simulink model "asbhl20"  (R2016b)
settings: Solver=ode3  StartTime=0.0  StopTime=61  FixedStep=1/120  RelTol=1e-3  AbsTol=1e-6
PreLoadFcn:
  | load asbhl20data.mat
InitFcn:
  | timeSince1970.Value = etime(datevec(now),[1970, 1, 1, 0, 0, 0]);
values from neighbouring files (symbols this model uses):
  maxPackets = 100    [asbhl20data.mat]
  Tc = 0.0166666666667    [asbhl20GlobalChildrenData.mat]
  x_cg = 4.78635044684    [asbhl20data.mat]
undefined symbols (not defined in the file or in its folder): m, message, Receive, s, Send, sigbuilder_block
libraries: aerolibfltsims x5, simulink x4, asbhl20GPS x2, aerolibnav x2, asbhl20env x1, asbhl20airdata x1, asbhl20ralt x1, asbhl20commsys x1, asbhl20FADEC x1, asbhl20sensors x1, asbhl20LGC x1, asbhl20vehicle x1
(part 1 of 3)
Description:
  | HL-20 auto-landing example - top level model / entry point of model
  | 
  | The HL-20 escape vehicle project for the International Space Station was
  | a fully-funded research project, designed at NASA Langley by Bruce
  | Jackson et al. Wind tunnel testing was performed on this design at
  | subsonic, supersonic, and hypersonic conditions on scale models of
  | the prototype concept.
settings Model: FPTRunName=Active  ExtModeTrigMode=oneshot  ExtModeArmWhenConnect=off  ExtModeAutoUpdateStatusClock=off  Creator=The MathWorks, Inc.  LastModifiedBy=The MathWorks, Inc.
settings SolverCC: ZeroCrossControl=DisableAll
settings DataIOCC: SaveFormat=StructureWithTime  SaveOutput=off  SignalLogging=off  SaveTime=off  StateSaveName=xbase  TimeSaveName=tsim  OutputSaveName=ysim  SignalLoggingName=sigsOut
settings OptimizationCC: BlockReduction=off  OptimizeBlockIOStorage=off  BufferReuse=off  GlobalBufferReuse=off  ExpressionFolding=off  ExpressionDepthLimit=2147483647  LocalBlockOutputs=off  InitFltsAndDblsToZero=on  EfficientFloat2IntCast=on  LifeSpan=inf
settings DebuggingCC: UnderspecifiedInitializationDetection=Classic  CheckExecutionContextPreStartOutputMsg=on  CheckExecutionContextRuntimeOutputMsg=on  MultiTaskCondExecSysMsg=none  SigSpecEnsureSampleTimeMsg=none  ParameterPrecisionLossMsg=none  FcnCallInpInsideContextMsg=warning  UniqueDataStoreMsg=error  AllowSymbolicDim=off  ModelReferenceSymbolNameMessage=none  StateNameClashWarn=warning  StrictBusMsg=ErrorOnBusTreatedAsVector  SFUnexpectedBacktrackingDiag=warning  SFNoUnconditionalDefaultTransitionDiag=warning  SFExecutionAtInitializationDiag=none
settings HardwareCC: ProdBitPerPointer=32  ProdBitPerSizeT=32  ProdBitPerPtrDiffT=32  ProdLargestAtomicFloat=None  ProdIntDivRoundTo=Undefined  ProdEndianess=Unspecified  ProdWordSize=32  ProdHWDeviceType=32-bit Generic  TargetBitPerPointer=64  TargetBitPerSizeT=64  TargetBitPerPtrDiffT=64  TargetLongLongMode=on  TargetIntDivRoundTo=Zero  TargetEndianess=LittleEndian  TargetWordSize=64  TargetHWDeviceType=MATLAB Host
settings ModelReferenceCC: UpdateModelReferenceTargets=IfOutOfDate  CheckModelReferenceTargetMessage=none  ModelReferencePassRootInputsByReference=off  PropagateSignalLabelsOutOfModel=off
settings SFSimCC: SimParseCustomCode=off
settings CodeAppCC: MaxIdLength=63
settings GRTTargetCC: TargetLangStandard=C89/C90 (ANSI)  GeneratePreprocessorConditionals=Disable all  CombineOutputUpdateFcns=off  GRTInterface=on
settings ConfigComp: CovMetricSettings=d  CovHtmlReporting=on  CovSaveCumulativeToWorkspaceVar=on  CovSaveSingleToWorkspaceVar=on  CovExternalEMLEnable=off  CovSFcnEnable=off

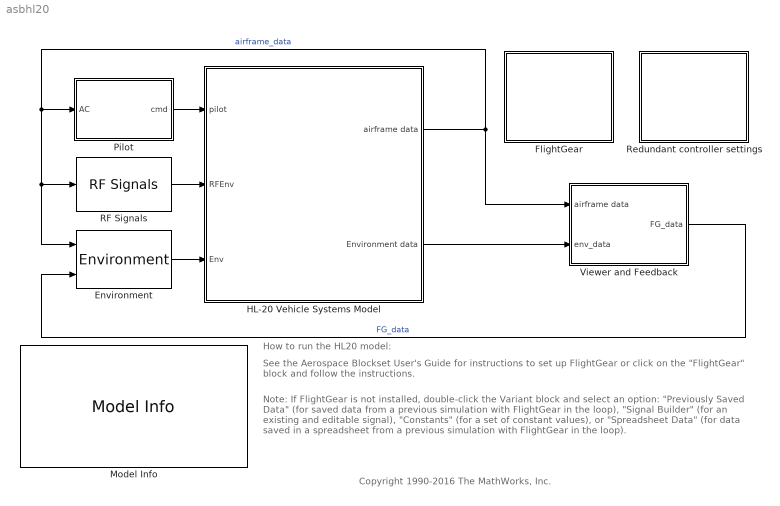
== system asbhl20 ==
  note: Copyright 1990-2016 The MathWorks, Inc.
  note: How to run the HL20 model:
  note: See the Aerospace Blockset User's Guide for instructions to set up FlightGear or click on the "FlightGear" block and follow the instructions.
  note: Note: If FlightGear is not installed, double-click the Variant block and select an option: "Previously Saved Data" (for saved data from a previous simulation with FlightGear in the loop), "Signal Builder" (for an existing and editable signal), "Constants" (for a set of constant values), or "Spreadsheet Data" (for data saved in a spreadsheet from a previous simulation with FlightGear in the loop).
  Environment : asbhl20env/Environment  SystemSampleTime=-1
  FlightGear : Subsystem  mask(FlightGear){baseFG=C:\Program Files\FlightGear\}
      mask prompts: baseFG "2. Specify FlightGear base directory"
      mask help:
      | To run this example using FlightGear locally:
      |
      | 1. Download and install FlightGear. This action opens the FlightGear download page. From this page, download and install FlightGear.
      |
      | 2. Specify FlightGear base directory.
      |
      | 3. Check FlightGear base directory. Click this button to check that FlightGear is correctly configured and installed. Upon success, the Run FlightGear block turns green and the text changes to "Start FlightGear".
      |
      | 4. Launch FlightGear for HL-20. This button installs HL-20 and runs FlightGear.
      |
      | Note: You may need administrator privilege to install HL-20.
      mask init:
      | mdl = gcs;
      | blk = gcb;
      | asbCopyAndStartFlightGear(blk,mdl,'Check','init');
      settings: AttributesFormatString=Install FlightGear
      mask Help: helpview([docroot,'/toolbox/aeroblks/aeroblks.map'],'hl20_flight_gear_help')
      mask DialogControl installFG Prompt: 1. Download and Install FlightGear
      mask DialogControl installFG Callback: web('http://flightgear.org/download/','-browser')
      mask DialogControl updateFG Prompt: 3. Check Base Directory
      mask DialogControl updateFG Callback: asbCopyAndStartFlightGear(gcb,gcs,'Check','button');
      mask DialogControl launchFG Prompt: 4. Launch HL-20 in FlightGear
      mask DialogControl launchFG Callback: asbCopyAndStartFlightGear(gcb,gcs,'CopyStart')
      mask Display: image('asbHL20FGLanding.png',[.1, .1, .8, .8],'on');
  HL-20 Vehicle Systems Model : Subsystem
      settings: RTWSystemCode=Inline
      mask Display: image('asbHL20pic.jpg')
  Model Info : simulink/Model-Wide Utilities/Model Info  BlockCM=none  Frame=on  DisplayStringWithTags=|  HorizontalTextAlignment=Center  LeftAlignmentValue=0.5  SourceBlockDiagram=asbhl20  TagMaxNumber=20
      | HL-20 Example,
      | version %<ModelVersion>
      | Aerodynamic model from 
      | Jackson E. B., Cruz C. L., 
      | "Preliminary Subsonic Aerodynamic
      | Model for Simulation Studies of the
      | HL-20 Lifting Body", 
      | NASA TM4302, August 1992.
  Pilot : Subsystem  TreatAsAtomicUnit=on
  RF Signals : asbhl20RF/RF Signals
  Redundant controller settings : Subsystem  mask(Select Redundant Controller){}
      mask help:
      | This model has a reactive controller that uses a fault-tolerant design. The controller modifies the actuator and hydraulic system as necessary. It uses a specifically designed mode logic.
      |
      | Select the implementation mode logic of the controller. The mode logic determines the actuator setup in the event of a hydraulic or actuator failure.
      |
      | Open the failure insertion panel to simulate hydraulic or actuator failures.
      |
      | Note: This feature requires a Stateflow license.
      mask init:
      | installedProducts = ver;
      | stateflowFlag = false;
      | for k=1:length(installedProducts)
      |     if strcmp(installedProducts(k).Name,'Stateflow')
      |         testLicense = license('test','stateflow');
      |         if testLicense
      |             stateflowFlag = true;
      |         end
      |     end
      | end
      | MaskObject = get_param(gcb,'MaskObject');
      | sfButtonObject = MaskObject.getDialogControl('sfLogic');
      | ssButtonObject = MaskObject.getDialogControl('ssLogic');
      | mrButtonObject = MaskObject.getDialogControl('mrLogic');
      | omButtonObject = MaskObject.getDialogControl('openModeLogic');
      | fButtonObject = MaskObject.getDialogControl('failButton');
      | if stateflowFlag
      |     sfButtonObject.Enabled = 'on';
      |     ssButtonObject.Enabled = 'on';
      |     mrButtonObject.Enabled = 'on';
      |     omButtonObject.Enabled = 'on';
      |     fButtonObject.Enabled = 'on';
      | else
      |     sfButtonObject.Enabled = 'off';
      |     ssButtonObject.Enabled = 'off';
      |     mrButtonObject.Enabled = 'off';
      |     omButtonObject.Enabled = 'off';
      |     fButtonObject.Enabled = 'off';
      | end
      | sfVar = evalin('base','Variants.FDIRApp');
      | switch sfVar
      |     case 0
      |         attStr = 'No Mode Logic';
      |     case 1
      |         attStr = 'Stateflow Chart in Subsystem';
      |     case 2
      |         attStr = 'Stateflow Chart in Model';
      |     case 3
      |         attStr = 'Stateflow Chart';
      | end
      | sfVarCheck = get_param(gcb,'AttributesFormatString');
      | if ~strcmp(sfVarCheck,attStr)
      |     set_param(gcb,'AttributesFormatString',attStr);
      | end
      settings: AttributesFormatString=No Mode Logic
      mask Help: web('http://www.mathworks.com/tagteam/21848_Mosterman Ghidella AIAA 2004 Final.pdf','-browser');
      mask DialogControl failButton Prompt: Open Failure Insertion Panel
      mask DialogControl failButton Callback: open_system(sprintf(['asbhl20/HL-20 Vehicle Systems Model/Avionics/Actuator \nSystem Failures ']),'window');
      mask DialogControl openModeLogic Prompt: Open Mode Logic
      mask DialogControl openModeLogic Callback:
      | load_system('asbhl20_FDIRApp');
      | varLogic = evalin('base','Variants.FDIRApp');
      | switch varLogic
      |     case 0
      |         open_system('asbhl20_FDIRApp/Mode Logic for Wing, Upper, and Lower/Variant Subsystem/No Logic');
      |     case 1
      |         open_system('asbhl20_FDIRApp/Mode Logic for Wing, Upper, and Lower/Variant Subsystem/Mode Logic SS/Mode Logic Chart');
      |     case 2
      |         open_system('asbhl20_FDIRApp/Mode Logic for Wing, Upper, and Lower/Variant Subsystem/Mode Logic App/Mode Logic App');
      |         open_system('asbhl20_FDIRmodelogicApp/Mode Logic');
      |     case 3
      |         open_system('asbhl20_FDIRApp/Mode Logic for Wing, Upper, and Lower/Variant Subsystem/Mode Logic Chart');
      | end
      mask DialogControl paper Prompt: Model Reuse for the Training of Fault Scenarios in Aerospace
      mask DialogControl paper Callback: web('http://www.mathworks.com/tagteam/21848_Mosterman Ghidella AIAA 2004 Final.pdf','-browser');
      mask Display: image('asbHL20ActuatorRedundancy.svg')
  Viewer and Feedback : Subsystem  Variant=on  mask(Closed Loop Variant System){}
      mask help: Select a simulation variant to identify the data source. For example, for batch mode select either a Signal Builder block or a previously saved data file. If your data source is FlightGear, run the simulation in Normal mode.
      settings: AttributesFormatString=%<ActiveVariant>
  wires:
  HL-20 Vehicle Systems Model/1(airframe data) -> Pilot/1(AC), RF Signals/1, Environment/1, Viewer and Feedback/1(airframe data)  "airframe_data"
  Pilot/1(cmd) -> HL-20 Vehicle Systems Model/1(pilot)
  Environment/1 -> HL-20 Vehicle Systems Model/3(Env)
  RF Signals/1 -> HL-20 Vehicle Systems Model/2(RFEnv)
  HL-20 Vehicle Systems Model/2(Environment data) -> Viewer and Feedback/2(env_data)
  Viewer and Feedback/1(FG_data) -> Environment/2  "FG_data"

== system asbhl20/FlightGear ==

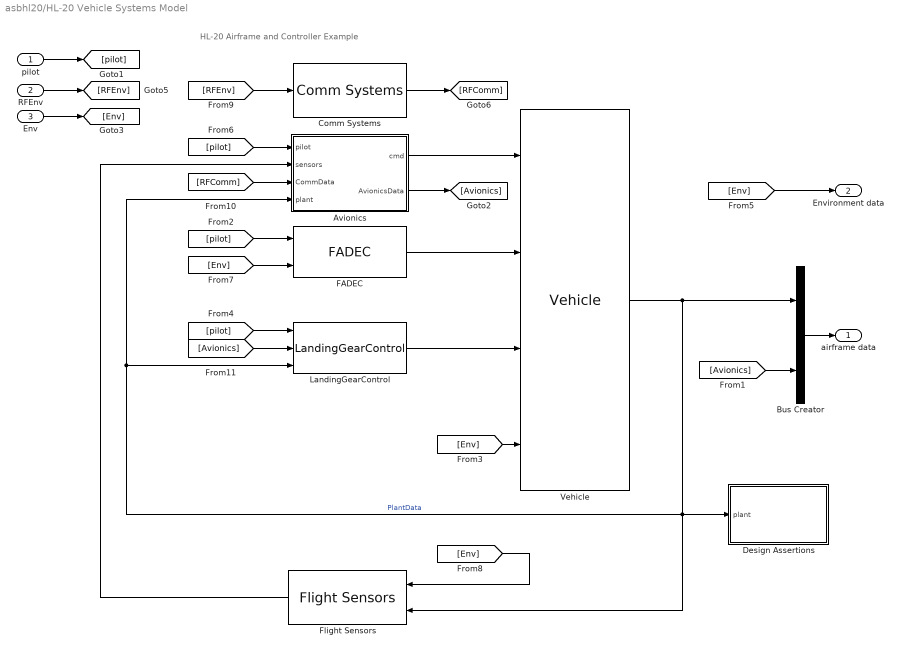
== system asbhl20/HL-20 Vehicle Systems Model ==
  note: HL-20 Airframe and Controller Example
  pilot : Inport
  RFEnv : Inport  Port=2
  Env : Inport  Port=3
  Avionics : Subsystem
  Bus Creator : BusCreator  Inputs=2
  Comm Systems : asbhl20commsys/Comm Systems
  Design Assertions : Subsystem
  FADEC : asbhl20FADEC/FADEC
  Flight Sensors : asbhl20sensors/Flight Sensors
  LandingGearControl : asbhl20LGC/LandingGearControl
  Vehicle : asbhl20vehicle/Vehicle
  airframe data : Outport
  Environment data : Outport  Port=2
  wires:
  [Env] -> Environment data/1
  [Avionics] -> LandingGearControl/2
  Avionics/1(cmd) -> Vehicle/1
  Avionics/2(AvionicsData) -> [Avionics]
  [RFComm] -> Avionics/3(CommData)
  [RFEnv] -> Comm Systems/1
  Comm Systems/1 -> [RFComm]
------
### Task objective
Above are the records; repeat exactly the lines from the one holding "ssButtonObject = MaskObject.getDialogControl('ssLogic');" down to the one holding "mask DialogControl failButton Prompt: Open", end lines included.

### Answer to this task
      | ssButtonObject = MaskObject.getDialogControl('ssLogic');
      | mrButtonObject = MaskObject.getDialogControl('mrLogic');
      | omButtonObject = MaskObject.getDialogControl('openModeLogic');
      | fButtonObject = MaskObject.getDialogControl('failButton');
      | if stateflowFlag
      |     sfButtonObject.Enabled = 'on';
      |     ssButtonObject.Enabled = 'on';
      |     mrButtonObject.Enabled = 'on';
      |     omButtonObject.Enabled = 'on';
      |     fButtonObject.Enabled = 'on';
      | else
      |     sfButtonObject.Enabled = 'off';
      |     ssButtonObject.Enabled = 'off';
      |     mrButtonObject.Enabled = 'off';
      |     omButtonObject.Enabled = 'off';
      |     fButtonObject.Enabled = 'off';
      | end
      | sfVar = evalin('base','Variants.FDIRApp');
      | switch sfVar
      |     case 0
      |         attStr = 'No Mode Logic';
      |     case 1
      |         attStr = 'Stateflow Chart in Subsystem';
      |     case 2
      |         attStr = 'Stateflow Chart in Model';
      |     case 3
      |         attStr = 'Stateflow Chart';
      | end
      | sfVarCheck = get_param(gcb,'AttributesFormatString');
      | if ~strcmp(sfVarCheck,attStr)
      |     set_param(gcb,'AttributesFormatString',attStr);
      | end
      settings: AttributesFormatString=No Mode Logic
      mask Help: web('http://www.mathworks.com/tagteam/21848_Mosterman Ghidella AIAA 2004 Final.pdf','-browser');
      mask DialogControl failButton Prompt: Open Failure Insertion Panel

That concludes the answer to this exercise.